I shook my head. "I don't know. Weeks at least. Maybe months." I had seen projections on how long this reality engine exploit was supposed to take. They had estimated a year and a half in the shortest scenario, four years for the longest. I didn't have a sense of how things were going upstairs, but since we still had the ability down here on the second level to interact with other fragments who had not yet been subsumed into a dominated hive, we couldn't be that far along.

I hoped.

"They think we're dead," Sage said sadly.

"They probably do," I agreed.

"If they didn't, Shad would have been here by now," she said.

"Coyote's up on the dominated level, working through that alliance. They don't have any connection down here."

"That didn't stop us," she said. "And it wouldn't stop Shad. Not if he knew I was down here. Except,” she hesitated. "He has other people to worry about now. Juana and Mila. He said he was trying to make better decisions. Maybe…. Maybe…”

I shifted around and grabbed her hand. "He'd be here if he could," I assured her. "And as soon as he finds out we're down here, he'll be helping. Believe me, I know Shad."

"Yeah," she squeezed my hand back and we drank our ginger beer together. "I just... I keep thinking I want to go home. And I don't even know what that means. Back to the ship? Back to our reality engine? It can’t mean back to Arizona. I mean, it's been seven years. Have you ever been back to Earth since you joined?"
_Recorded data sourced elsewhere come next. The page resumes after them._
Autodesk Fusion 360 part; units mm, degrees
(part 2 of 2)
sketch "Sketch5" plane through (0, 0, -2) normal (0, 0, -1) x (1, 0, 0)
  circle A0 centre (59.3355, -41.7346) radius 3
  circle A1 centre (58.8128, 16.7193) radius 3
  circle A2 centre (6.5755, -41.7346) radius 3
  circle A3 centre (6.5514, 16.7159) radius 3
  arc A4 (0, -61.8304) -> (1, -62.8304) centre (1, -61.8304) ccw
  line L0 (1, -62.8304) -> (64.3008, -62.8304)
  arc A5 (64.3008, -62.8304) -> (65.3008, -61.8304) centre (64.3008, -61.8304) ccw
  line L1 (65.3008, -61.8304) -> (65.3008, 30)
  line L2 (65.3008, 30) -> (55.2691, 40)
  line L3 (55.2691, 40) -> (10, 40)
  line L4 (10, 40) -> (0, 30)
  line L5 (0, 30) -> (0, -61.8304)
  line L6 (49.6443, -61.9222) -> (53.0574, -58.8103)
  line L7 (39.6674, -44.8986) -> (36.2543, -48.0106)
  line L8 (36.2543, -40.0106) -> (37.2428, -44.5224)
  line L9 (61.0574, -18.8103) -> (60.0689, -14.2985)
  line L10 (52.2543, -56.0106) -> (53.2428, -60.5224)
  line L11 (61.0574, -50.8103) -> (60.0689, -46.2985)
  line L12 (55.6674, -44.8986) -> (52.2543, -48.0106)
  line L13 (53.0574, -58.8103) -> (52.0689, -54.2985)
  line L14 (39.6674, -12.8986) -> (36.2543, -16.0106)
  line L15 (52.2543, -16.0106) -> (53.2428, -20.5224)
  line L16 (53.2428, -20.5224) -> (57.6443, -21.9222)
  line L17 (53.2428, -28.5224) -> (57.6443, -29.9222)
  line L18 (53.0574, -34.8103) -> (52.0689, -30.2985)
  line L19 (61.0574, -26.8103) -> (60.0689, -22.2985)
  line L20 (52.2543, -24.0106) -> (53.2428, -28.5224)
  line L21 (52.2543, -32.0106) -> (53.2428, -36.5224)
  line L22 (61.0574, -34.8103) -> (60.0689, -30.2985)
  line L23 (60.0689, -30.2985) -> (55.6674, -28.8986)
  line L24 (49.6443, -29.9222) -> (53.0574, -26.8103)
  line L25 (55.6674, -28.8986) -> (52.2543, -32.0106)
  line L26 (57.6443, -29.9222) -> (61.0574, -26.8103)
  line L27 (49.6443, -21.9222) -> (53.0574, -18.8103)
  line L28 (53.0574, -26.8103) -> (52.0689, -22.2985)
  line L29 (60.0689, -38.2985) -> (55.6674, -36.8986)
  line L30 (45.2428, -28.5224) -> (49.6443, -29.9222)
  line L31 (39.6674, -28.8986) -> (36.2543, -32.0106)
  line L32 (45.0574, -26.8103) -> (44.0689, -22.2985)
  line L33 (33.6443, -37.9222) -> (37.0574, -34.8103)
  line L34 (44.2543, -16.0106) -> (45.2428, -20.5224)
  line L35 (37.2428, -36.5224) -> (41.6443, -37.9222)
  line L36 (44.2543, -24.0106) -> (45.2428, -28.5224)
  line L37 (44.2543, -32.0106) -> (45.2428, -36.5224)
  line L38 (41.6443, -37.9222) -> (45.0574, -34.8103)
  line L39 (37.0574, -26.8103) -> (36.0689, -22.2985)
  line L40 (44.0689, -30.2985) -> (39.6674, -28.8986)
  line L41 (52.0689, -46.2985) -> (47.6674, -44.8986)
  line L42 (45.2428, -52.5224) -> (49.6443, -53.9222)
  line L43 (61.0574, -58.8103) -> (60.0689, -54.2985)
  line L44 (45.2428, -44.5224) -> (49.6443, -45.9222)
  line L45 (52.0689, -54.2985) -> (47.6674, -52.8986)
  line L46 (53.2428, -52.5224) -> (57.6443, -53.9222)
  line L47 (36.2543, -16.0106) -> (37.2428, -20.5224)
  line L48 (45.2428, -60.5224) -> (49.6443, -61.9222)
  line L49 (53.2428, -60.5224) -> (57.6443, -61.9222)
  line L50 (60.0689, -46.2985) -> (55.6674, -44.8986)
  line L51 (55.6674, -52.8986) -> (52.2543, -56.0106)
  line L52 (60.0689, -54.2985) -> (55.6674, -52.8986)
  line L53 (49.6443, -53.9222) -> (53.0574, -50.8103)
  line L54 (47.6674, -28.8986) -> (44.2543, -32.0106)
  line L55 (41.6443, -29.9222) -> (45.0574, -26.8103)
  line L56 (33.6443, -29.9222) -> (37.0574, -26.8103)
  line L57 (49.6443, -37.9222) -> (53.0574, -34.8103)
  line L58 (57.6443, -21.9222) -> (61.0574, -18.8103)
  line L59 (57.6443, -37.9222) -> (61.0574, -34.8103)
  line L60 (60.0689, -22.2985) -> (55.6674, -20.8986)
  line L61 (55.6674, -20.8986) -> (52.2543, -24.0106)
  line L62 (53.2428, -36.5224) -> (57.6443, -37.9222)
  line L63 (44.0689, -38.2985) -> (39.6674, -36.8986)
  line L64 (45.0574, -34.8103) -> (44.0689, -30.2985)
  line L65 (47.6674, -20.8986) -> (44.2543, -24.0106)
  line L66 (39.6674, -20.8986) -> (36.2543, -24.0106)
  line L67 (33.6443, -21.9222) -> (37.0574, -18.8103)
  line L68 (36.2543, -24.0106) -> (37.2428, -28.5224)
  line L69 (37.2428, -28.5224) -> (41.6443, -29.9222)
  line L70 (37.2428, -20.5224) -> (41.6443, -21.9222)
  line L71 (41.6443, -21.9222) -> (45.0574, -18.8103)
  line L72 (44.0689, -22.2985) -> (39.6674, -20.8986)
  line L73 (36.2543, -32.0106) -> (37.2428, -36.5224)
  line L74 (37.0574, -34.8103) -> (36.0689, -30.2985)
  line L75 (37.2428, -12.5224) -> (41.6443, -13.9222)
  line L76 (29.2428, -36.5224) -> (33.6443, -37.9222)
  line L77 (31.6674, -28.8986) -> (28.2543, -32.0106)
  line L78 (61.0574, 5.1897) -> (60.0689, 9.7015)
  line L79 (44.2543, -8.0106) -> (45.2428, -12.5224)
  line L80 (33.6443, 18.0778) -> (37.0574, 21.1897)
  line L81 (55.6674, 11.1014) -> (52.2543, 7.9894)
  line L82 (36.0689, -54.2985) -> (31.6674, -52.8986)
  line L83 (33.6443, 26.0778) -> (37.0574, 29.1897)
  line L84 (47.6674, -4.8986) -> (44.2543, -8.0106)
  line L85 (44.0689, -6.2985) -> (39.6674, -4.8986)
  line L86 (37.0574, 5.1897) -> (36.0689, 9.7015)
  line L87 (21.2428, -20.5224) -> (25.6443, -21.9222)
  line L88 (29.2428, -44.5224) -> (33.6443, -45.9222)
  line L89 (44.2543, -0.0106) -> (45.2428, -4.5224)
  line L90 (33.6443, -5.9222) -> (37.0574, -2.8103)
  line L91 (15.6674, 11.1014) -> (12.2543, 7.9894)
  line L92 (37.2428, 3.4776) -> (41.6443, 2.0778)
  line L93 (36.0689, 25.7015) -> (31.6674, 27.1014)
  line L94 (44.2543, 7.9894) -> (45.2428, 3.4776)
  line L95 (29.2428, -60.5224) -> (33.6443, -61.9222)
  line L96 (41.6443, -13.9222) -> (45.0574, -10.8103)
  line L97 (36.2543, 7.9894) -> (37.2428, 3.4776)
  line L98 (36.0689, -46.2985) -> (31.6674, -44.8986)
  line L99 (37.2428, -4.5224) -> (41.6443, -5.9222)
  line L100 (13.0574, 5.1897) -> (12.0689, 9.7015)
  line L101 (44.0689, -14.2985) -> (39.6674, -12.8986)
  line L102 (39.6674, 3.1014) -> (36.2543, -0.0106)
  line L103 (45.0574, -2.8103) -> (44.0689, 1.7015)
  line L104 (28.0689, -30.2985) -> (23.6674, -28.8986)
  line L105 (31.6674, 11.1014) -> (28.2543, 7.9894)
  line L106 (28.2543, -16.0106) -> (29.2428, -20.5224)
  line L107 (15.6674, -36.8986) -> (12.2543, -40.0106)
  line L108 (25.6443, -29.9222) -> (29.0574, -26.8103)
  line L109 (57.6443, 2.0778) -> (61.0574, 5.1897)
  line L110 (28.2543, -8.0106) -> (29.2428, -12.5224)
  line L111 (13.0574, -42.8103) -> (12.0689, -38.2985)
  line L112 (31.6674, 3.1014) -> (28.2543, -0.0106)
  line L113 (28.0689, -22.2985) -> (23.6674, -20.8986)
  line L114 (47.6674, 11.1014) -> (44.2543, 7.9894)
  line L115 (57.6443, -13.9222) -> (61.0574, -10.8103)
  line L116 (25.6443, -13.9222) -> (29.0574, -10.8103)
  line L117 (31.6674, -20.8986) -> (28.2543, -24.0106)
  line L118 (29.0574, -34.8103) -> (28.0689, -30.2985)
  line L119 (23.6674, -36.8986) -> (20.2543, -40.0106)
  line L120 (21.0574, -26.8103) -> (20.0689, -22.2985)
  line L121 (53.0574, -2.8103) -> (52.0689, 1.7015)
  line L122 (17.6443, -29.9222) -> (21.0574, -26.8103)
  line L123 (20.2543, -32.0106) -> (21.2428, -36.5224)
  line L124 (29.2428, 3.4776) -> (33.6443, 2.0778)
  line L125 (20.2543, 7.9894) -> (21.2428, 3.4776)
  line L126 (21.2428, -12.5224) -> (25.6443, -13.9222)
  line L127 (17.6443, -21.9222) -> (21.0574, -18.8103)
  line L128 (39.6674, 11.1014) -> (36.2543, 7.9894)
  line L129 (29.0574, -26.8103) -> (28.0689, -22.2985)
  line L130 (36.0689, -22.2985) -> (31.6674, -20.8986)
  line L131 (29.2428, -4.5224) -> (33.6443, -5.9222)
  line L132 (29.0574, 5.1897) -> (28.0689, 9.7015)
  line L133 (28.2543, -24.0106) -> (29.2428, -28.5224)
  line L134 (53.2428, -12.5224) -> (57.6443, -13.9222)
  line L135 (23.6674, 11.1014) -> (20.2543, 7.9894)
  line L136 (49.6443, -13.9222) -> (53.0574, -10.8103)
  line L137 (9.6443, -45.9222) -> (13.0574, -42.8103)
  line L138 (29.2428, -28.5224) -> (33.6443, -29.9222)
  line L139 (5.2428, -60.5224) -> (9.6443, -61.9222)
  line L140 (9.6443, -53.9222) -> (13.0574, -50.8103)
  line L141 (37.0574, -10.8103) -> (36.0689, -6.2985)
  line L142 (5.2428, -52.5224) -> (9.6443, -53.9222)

"I did once," I told her. "About a year after we got there. I wanted to visit my mum and stepdad."

"How did that go?"

"It was weird," I said. I had gone home and mum had barely been able to stop crying. They'd moved houses thanks to the money I'd sent back. I'd set them up in a nicer little flat in Kent where my mother had been from as a girl. She spent most of the time crying about how wonderful it was to see me with legs. By that point, I'd almost managed to forget I was ever in a wheelchair. I realized she was still seeing me as her crippled son who needed her help to do everything. And I couldn't be that. “I told her that I'd have a sponsored slot for her and my stepdad anytime they want to come to the engine. I think they will sooner or later. They're a bit scared of it, but my stepdad's getting older. He's starting to have problems. He'll come around when it's that or a hip replacement."

Sage laughed.

"How about you? You're always talking about your grandpa and Shad. What about your parents?"

A cloud passed across Sage's face. "My mother died when I was very young. I remember her a bit. I sometimes wish I remembered her more and sometimes wish I didn't remember even that. She had a problem with drugs," she explained. "Shad and I got taken away a couple of times before she finally took the wrong pill. My dad," she shrugged, "I don't know. He was in and out of jail. Grandpa took us in. I don't even know what happened to my father. He might even be alive. I've never looked for him because I don't really want to know. He wasn't there when I needed him. Shad was, and so was grandpa."

I squeezed her hand a little tighter. "Sorry, I shouldn't have asked."

"It's all right. It's been a long time," she said. She let out a deep breath. "Let's get back to it."

She disappeared her empty bottle into her inventory. I did the same with mine. We stood up and went back to our work.